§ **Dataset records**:
[Start of Attachment]

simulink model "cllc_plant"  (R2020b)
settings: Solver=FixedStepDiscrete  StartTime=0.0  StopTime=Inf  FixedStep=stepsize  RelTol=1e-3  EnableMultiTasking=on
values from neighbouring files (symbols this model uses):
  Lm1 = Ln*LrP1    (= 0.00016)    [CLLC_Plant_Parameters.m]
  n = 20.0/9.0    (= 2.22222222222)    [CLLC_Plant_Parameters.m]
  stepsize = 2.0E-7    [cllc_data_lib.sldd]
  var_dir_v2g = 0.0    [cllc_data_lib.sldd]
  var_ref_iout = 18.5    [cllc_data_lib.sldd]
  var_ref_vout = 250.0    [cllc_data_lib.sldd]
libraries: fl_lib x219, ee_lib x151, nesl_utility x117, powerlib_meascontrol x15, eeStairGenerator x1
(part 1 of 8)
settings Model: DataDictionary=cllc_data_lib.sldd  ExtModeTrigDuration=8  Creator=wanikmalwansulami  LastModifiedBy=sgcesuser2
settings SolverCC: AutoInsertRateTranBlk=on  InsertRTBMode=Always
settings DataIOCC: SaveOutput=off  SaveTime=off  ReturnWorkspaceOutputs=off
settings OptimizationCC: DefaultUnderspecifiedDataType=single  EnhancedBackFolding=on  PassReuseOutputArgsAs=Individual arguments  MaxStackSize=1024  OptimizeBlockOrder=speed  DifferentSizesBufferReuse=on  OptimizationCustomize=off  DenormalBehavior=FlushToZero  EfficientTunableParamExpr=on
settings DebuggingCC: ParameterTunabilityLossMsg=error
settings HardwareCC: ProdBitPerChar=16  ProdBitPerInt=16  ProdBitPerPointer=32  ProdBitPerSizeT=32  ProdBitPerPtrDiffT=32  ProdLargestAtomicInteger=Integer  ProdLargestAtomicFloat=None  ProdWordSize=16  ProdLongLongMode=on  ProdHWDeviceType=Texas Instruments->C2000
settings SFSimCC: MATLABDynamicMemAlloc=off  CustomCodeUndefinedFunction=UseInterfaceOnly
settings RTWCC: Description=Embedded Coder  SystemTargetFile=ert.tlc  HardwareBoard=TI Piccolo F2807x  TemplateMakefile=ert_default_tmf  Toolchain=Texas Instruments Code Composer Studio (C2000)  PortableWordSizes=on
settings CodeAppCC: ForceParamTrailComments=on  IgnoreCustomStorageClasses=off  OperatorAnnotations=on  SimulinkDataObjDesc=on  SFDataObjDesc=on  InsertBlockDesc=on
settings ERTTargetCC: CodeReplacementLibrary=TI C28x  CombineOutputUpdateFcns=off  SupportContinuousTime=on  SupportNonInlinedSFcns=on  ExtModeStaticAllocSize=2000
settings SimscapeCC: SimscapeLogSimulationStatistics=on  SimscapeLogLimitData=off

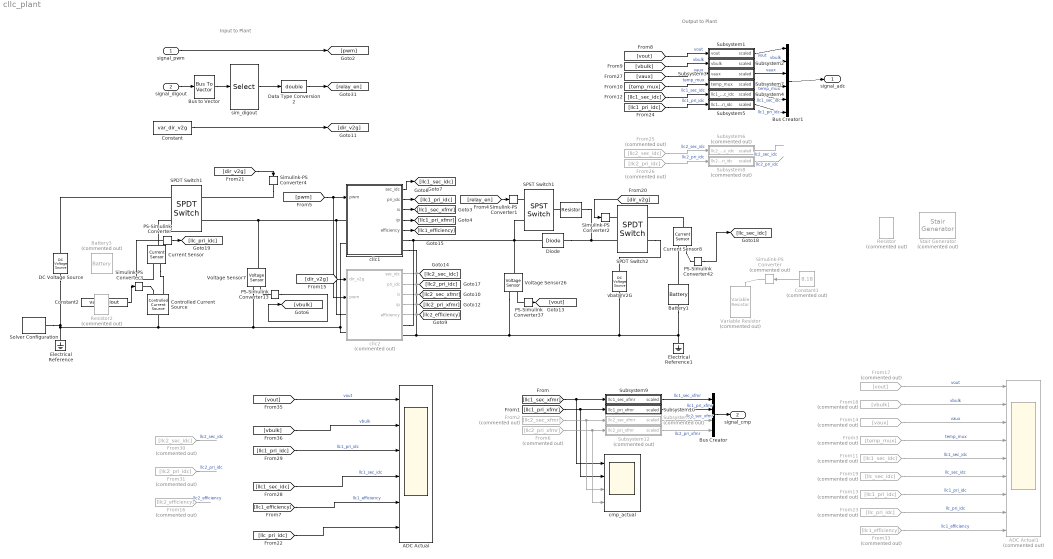
== system cllc_plant ==
  note: Input to Plant
  note: Output to Plant
  signal_pwm : Inport
  signal_digout : Inport  Port=2
  " " : ee_lib/Passive/Resistor  R=0.5e-3 Ohm  R_tol=1  enable_R_tol=0  tol_distribution=1  nSigma=4  enable_operating_limits=0  operating_limit_action=2  max_working_voltage=100 V  power_rating=1 W  enable_faults=0  fault_action=1  R_faulted=inf Ohm  enable_temporal_fault=0  t_fault=1 s  enable_behavioral_fault=0  max_permissible_current=1 A  t_fail_on_current=1 s  noise_mode=0  sample_time=1e-3 s  repeatability=1  auto_seed=988016956  user_seed=0  Tdevice=25 degC  alpha=3.93e-3 1/K  Tmeas=25 degC  thermal_mass=100 J/K  power_derating_T1=70 degC  power_derating_T2=155 degC  operating_temperature_range_vec=[-50, 150] degC  temperature_specify=off  temperature_priority=High  temperature=298.15 K  temperature_nominal_specify=off  temperature_nominal_unit=K  temperature_nominal_value=1
  ADC Actual : Scope  NumInputPorts=6
  ADC Actual1 : Scope  Commented=on  NumInputPorts=9
  Battery1 : ee_lib/Sources/Battery  Vnom=var_ref_vout V  prm_dir=1  R1_dis=2 Ohm  R1_ch=2 Ohm  R1=1e-3 Ohm  prm_AH=2  AH=(10*var_ref_iout)/3.6e6 hr*A  V1=var_ref_vout*0.1 V  AH1=0.1/3.6e6 hr*A  prm_R2=1  R2=2000 Ohm  prm_dyn=1  Rp1=0.005 Ohm  tau1=1 hr  Rp2=0.005 Ohm  tau2=30 s  Rp3=0.005 Ohm  tau3=30 s  Rp4=0.005 Ohm  tau4=30 s  Rp5=0.005 Ohm  tau5=30 s  prm_fade=1  N_fade=100  AH_fade=45 hr*A  R1_fade=2.02 Ohm  R1_ch_fade=2.02 Ohm  V1_fade=10.35 V  i_specify=off  i_priority=None  i=0 A  i_nominal_specify=off  i_nominal_unit=A  i_nominal_value=1  v_specify=on  v_priority=None  v=var_ref_vout*0.1 V  v_nominal_specify=off  v_nominal_unit=V  v_nominal_value=1  charge_specify=on  charge_priority=High  charge=0.1/3.6e6 hr*A  charge_nominal_specify=off  charge_nominal_unit=hr*A  charge_nominal_value=1  num_cycles_specify=off  num_cycles_priority=High  num_cycles=0  num_cycles_nominal_specify=off  num_cycles_nominal_unit=1  num_cycles_nominal_value=1  thermal_mass=30000 J/K  Tmeas=298.15 K  Vnom_T2=12 V  R1_T2=2.2 Ohm  R1_T2_dis=2.2 Ohm  R1_T2_ch=2.2 Ohm  V1_T2=11.4 V  R2_T2=2200 Ohm  Rp1_T2=0.005 Ohm  tau1_T2=30 s  Rp2_T2=0.005 Ohm  tau2_T2=30 s  Rp3_T2=0.005 Ohm  tau3_T2=30 s  Rp4_T2=0.005 Ohm  tau4_T2=30 s  Rp5_T2=0.005 Ohm  tau5_T2=30 s  Tmeas2=273.15 K  temperature_specify=off  temperature_priority=High  temperature=298.15 K  temperature_nominal_specify=off  temperature_nominal_unit=K  temperature_nominal_value=1
  Battery3 : ee_lib/Sources/Battery  Commented=on  Vnom=800 V  prm_dir=1  R1_dis=2 Ohm  R1_ch=2 Ohm  R1=1e-3 Ohm  prm_AH=2  AH=(10*var_ref_iout)/3.6e6 hr*A  V1=800*0.1 V  AH1=0.1/3.6e6 hr*A  prm_R2=1  R2=2000 Ohm  prm_dyn=1  Rp1=0.005 Ohm  tau1=1 hr  Rp2=0.005 Ohm  tau2=30 s  Rp3=0.005 Ohm  tau3=30 s  Rp4=0.005 Ohm  tau4=30 s  Rp5=0.005 Ohm  tau5=30 s  prm_fade=1  N_fade=100  AH_fade=45 hr*A  R1_fade=2.02 Ohm  R1_ch_fade=2.02 Ohm  V1_fade=10.35 V  i_specify=off  i_priority=None  i=0 A  i_nominal_specify=off  i_nominal_unit=A  i_nominal_value=1  v_specify=on  v_priority=None  v=var_ref_vout*0.1 V  v_nominal_specify=off  v_nominal_unit=V  v_nominal_value=1  charge_specify=on  charge_priority=High  charge=0.1/3.6e6 hr*A  charge_nominal_specify=off  charge_nominal_unit=hr*A  charge_nominal_value=1  num_cycles_specify=off  num_cycles_priority=High  num_cycles=0  num_cycles_nominal_specify=off  num_cycles_nominal_unit=1  num_cycles_nominal_value=1  thermal_mass=30000 J/K  Tmeas=298.15 K  Vnom_T2=12 V  R1_T2=2.2 Ohm  R1_T2_dis=2.2 Ohm  R1_T2_ch=2.2 Ohm  V1_T2=11.4 V  R2_T2=2200 Ohm  Rp1_T2=0.005 Ohm  tau1_T2=30 s  Rp2_T2=0.005 Ohm  tau2_T2=30 s  Rp3_T2=0.005 Ohm  tau3_T2=30 s  Rp4_T2=0.005 Ohm  tau4_T2=30 s  Rp5_T2=0.005 Ohm  tau5_T2=30 s  Tmeas2=273.15 K  temperature_specify=off  temperature_priority=High  temperature=298.15 K  temperature_nominal_specify=off  temperature_nominal_unit=K  temperature_nominal_value=1
  Bus Creator : BusCreator  Inputs=4  OutDataTypeStr=Bus: signal_cmp
      settings: InheritFromInputs=off
  Bus Creator1 : BusCreator  Inputs=6  OutDataTypeStr=Bus: signal_adc
      settings: InheritFromInputs=off
  Bus to Vector : BusToVector
  Constant : Constant  Value=var_dir_v2g
  Constant1 : Constant  Commented=on  Value=8.18
  Constant2 : Constant  Value=var_ref_iout
  Controlled Current Source : fl_lib/Electrical/Electrical Sources/Controlled Current Source
  Current Sensor : fl_lib/Electrical/Electrical Sensors/Current Sensor
  Current Sensor8 : fl_lib/Electrical/Electrical Sensors/Current Sensor
  DC Voltage Source : fl_lib/Electrical/Electrical Sources/DC Voltage Source  v0=v_input V
  Data Type Conversion2 : DataTypeConversion  OutDataTypeStr=double
  Diode : ee_lib/Semiconductors & Converters/Diode  ModelType=ee.enum.diode.modelType.pwl  IfMat=[.07, .12, .19, 1.75, 4.24, 7.32, 11.2; .16, .3, .72, 2.14, 4.02, 6.35, 9.12] A  TjVec=[25, 125] degC  VfVec=[.5, .7, .9, 1.3, 1.7, 2.1, 2.5] V  Vf=0.6 V  Ron=0.3 Ohm  Goff=1e-8 S  prmExp=ee.enum.diode.expParam.useTwo  I12=[.0137, .545] A  V12=[.6, .7] V  IS=1e-12 A  ec=1  I1=0.0137 A  V1=0.6 V  RS=0 Ohm  Tmeas=25 degC  N_series=1  N_parallel=1  Rz=0.3 Ohm  BV=inf V  C_param=ee.enum.diode.capParam.fixed  CJ=5 pF  CJ0=5 pF  VJ=1 V  Mgrad=0.5  Vvec=[.1, 10, 100] V  Cvec=[3.5, 1, .4] pF  FC=0.5  Q_param=ee.enum.diode.recoveryParam.off  iRM=-7.15 A  iF=4 A  didt=-750 A/us  trr_factor=3  trr=115 ns  Qrr=1500 s*uA  TT=50 ns  tau=100 ns  T_param=ee.enum.diode.temperatureParam.off  IS_T2=1.25e-7 A  I1_T2=0.245 A  V1_T2=0.5 V  Tmeas2=125 degC  EG_param=ee.enum.diode.egapParam.material_si  EG=1.11 eV  XTI_param=ee.enum.diode.xtiParam.pn  XTI=3  dBVdT=0 V/K  Tdevice=25 degC  i_specify=off  i_priority=None  i=0 A  i_nominal_specify=off  i_nominal_unit=A  i_nominal_value=1  v_specify=off  v_priority=None  v=0 V  v_nominal_specify=off  v_nominal_unit=V  v_nominal_value=1  i_capacitor_specify=off  i_capacitor_priority=None  i_capacitor=0 A  i_capacitor_nominal_specify=off  i_capacitor_nominal_unit=A  i_capacitor_nominal_value=1  v_capacitor_specify=off  v_capacitor_priority=None  v_capacitor=0 V  v_capacitor_nominal_specify=off  v_capacitor_nominal_unit=V  v_capacitor_nominal_value=1  power_dissipated_specify=off  power_dissipated_priority=None  power_dissipated=0 W  power_dissipated_nominal_specify=off  power_dissipated_nominal_unit=W  power_dissipated_nominal_value=1  thermal_network_parameterization=ee.enum.thermalNetworkTopology.cauer  Rth=[0, 10] K/W  Rth_Foster=[4, 6] K/W  thermal_mass_parameterization=ee.enum.thermalNetwork.timeconstant  thermal_mass=[0, 1] J/K  thermal_mass_Foster=[1.5, 3] J/K  thermal_time_constant=[0, 10] s  thermal_time_constant_Foster=[6, 18] s  thermal_mass_initial_temperatures=[25, 25] degC
  Electrical Reference : fl_lib/Electrical/Electrical Elements/Electrical Reference
  Electrical Reference1 : fl_lib/Electrical/Electrical Elements/Electrical Reference
  From11 : From  Commented=on  GotoTag=llc1_sec_idc
  From13 : From  Commented=on  GotoTag=llc1_pri_idc
  From14 : From  Commented=on  GotoTag=vaux
  From16 : From  Commented=on  GotoTag=llc2_efficiency
  From17 : From  Commented=on  GotoTag=vout
  From18 : From  Commented=on  GotoTag=vbulk
  From19 : From  Commented=on  GotoTag=llc_sec_idc
  From2 : From  Commented=on  GotoTag=llc2_sec_xfmr
  From23 : From  Commented=on  GotoTag=llc_pri_idc
  From25 : From  Commented=on  GotoTag=llc2_sec_idc
  From26 : From  Commented=on  GotoTag=llc2_pri_idc
  From3 : From  Commented=on  GotoTag=temp_mux
  From30 : From  Commented=on  GotoTag=llc2_sec_idc
  From31 : From  Commented=on  GotoTag=llc2_pri_idc
  From33 : From  Commented=on  GotoTag=llc1_efficiency
  From6 : From  Commented=on  GotoTag=llc2_pri_xfmr
  PS-Simulink Converter : nesl_utility/PS-Simulink Converter  PhysicalDomain=network_engine_domain  SubClassName=ps_output  LeftPortType=input  RightPortType=output  PseudoPeriodic=off  Frequencies=[]  Unit=inherit  AffineConversion=off
  PS-Simulink Converter13 : nesl_utility/PS-Simulink Converter  PhysicalDomain=network_engine_domain  SubClassName=ps_output  LeftPortType=input  RightPortType=output  PseudoPeriodic=off  Frequencies=[]  Unit=1  AffineConversion=off
  PS-Simulink Converter37 : nesl_utility/PS-Simulink Converter  PhysicalDomain=network_engine_domain  SubClassName=ps_output  LeftPortType=input  RightPortType=output  PseudoPeriodic=off  Frequencies=[]  Unit=1  AffineConversion=off
  PS-Simulink Converter42 : nesl_utility/PS-Simulink Converter  PhysicalDomain=network_engine_domain  SubClassName=ps_output  LeftPortType=input  RightPortType=output  PseudoPeriodic=off  Frequencies=[]  Unit=1  AffineConversion=off
  Resistor : fl_lib/Electrical/Electrical Elements/Resistor  Commented=on  R=300*300/11000 Ohm  i_specify=off  i_priority=None  i=0 A  i_nominal_specify=off  i_nominal_unit=A  i_nominal_value=1  v_specify=off  v_priority=None  v=0 V  v_nominal_specify=off  v_nominal_unit=V  v_nominal_value=1
  Resistor2 : fl_lib/Electrical/Electrical Elements/Resistor  Commented=on  R=800/var_ref_iout Ohm  i_specify=off  i_priority=None  i=0 A  i_nominal_specify=off  i_nominal_unit=A  i_nominal_value=1  v_specify=off  v_priority=None  v=0 V  v_nominal_specify=off  v_nominal_unit=V  v_nominal_value=1
  SPDT Switch1 : ee_lib/Switches & Breakers/SPDT Switch  R_closed=0.01 Ohm  G_open=1e-6 S  Threshold=0.5 V  Width=0 V  model_dynamics=0  t_on=1e-3 s  t_off=1e-3 s  initial_vT=0 V
      settings: SourceProductBaseCode=PS
  SPDT Switch2 : ee_lib/Switches & Breakers/SPDT Switch  R_closed=0.01 Ohm  G_open=1e-6 S  Threshold=0.5 V  Width=0 V  model_dynamics=0  t_on=1e-3 s  t_off=1e-3 s  initial_vT=0 V
      settings: SourceProductBaseCode=PS
  SPST Switch1 : ee_lib/Switches & Breakers/SPST Switch  R_closed=0.01 Ohm  G_open=1e-6 S  Threshold=0.5 V  Width=0 V  model_dynamics=0  t_on=1e-3 s  t_off=1e-3 s  initial_vT=0 V
      settings: SourceProductBaseCode=PS  InternalSimscapePortConfiguration="{\"Bottom\":[],\"Left\":[{\"id\":\"vT\",\"label\":\"vT\",\"type\":\"input\"},{\"id\":\"p\",\"label\":\"\",\"type\":\"foundation.electrical.electrical\"}],\"Right\":[{\"id\":\"n\",\"label\":\"\",\"type\":\"foundation.electrical.electrical\"}],\"Top\":[]}"
  Simulink-PS Converter : nesl_utility/Simulink-PS Converter  Commented=on  PhysicalDomain=network_engine_domain  SubClassName=ps_input  LeftPortType=input  RightPortType=output  PseudoPeriodic=off  Frequencies=[]  NoiseDistribution=none  NoiseParameters=[]  Unit=1  AffineConversion=off  FilteringAndDerivatives=provide  SimscapeFilterOrder=1  InputFilterTimeConstant=0.001  UdotUserProvided=0
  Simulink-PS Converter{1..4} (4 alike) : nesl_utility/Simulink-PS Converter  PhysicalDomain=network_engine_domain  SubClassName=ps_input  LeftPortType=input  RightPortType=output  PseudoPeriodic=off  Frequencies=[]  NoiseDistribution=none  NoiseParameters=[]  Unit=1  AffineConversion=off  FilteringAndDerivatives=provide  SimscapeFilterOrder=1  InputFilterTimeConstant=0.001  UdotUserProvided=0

[End of Attachment]

§ **What to produce**: Output the records above exactly, from their first line through the line that contains "settings DebuggingCC: ParameterTunabilityLossMsg=error", and add nothing.

§ **Task solution**:
simulink model "cllc_plant"  (R2020b)
settings: Solver=FixedStepDiscrete  StartTime=0.0  StopTime=Inf  FixedStep=stepsize  RelTol=1e-3  EnableMultiTasking=on
values from neighbouring files (symbols this model uses):
  Lm1 = Ln*LrP1    (= 0.00016)    [CLLC_Plant_Parameters.m]
  n = 20.0/9.0    (= 2.22222222222)    [CLLC_Plant_Parameters.m]
  stepsize = 2.0E-7    [cllc_data_lib.sldd]
  var_dir_v2g = 0.0    [cllc_data_lib.sldd]
  var_ref_iout = 18.5    [cllc_data_lib.sldd]
  var_ref_vout = 250.0    [cllc_data_lib.sldd]
libraries: fl_lib x219, ee_lib x151, nesl_utility x117, powerlib_meascontrol x15, eeStairGenerator x1
(part 1 of 8)
settings Model: DataDictionary=cllc_data_lib.sldd  ExtModeTrigDuration=8  Creator=wanikmalwansulami  LastModifiedBy=sgcesuser2
settings SolverCC: AutoInsertRateTranBlk=on  InsertRTBMode=Always
settings DataIOCC: SaveOutput=off  SaveTime=off  ReturnWorkspaceOutputs=off
settings OptimizationCC: DefaultUnderspecifiedDataType=single  EnhancedBackFolding=on  PassReuseOutputArgsAs=Individual arguments  MaxStackSize=1024  OptimizeBlockOrder=speed  DifferentSizesBufferReuse=on  OptimizationCustomize=off  DenormalBehavior=FlushToZero  EfficientTunableParamExpr=on
settings DebuggingCC: ParameterTunabilityLossMsg=error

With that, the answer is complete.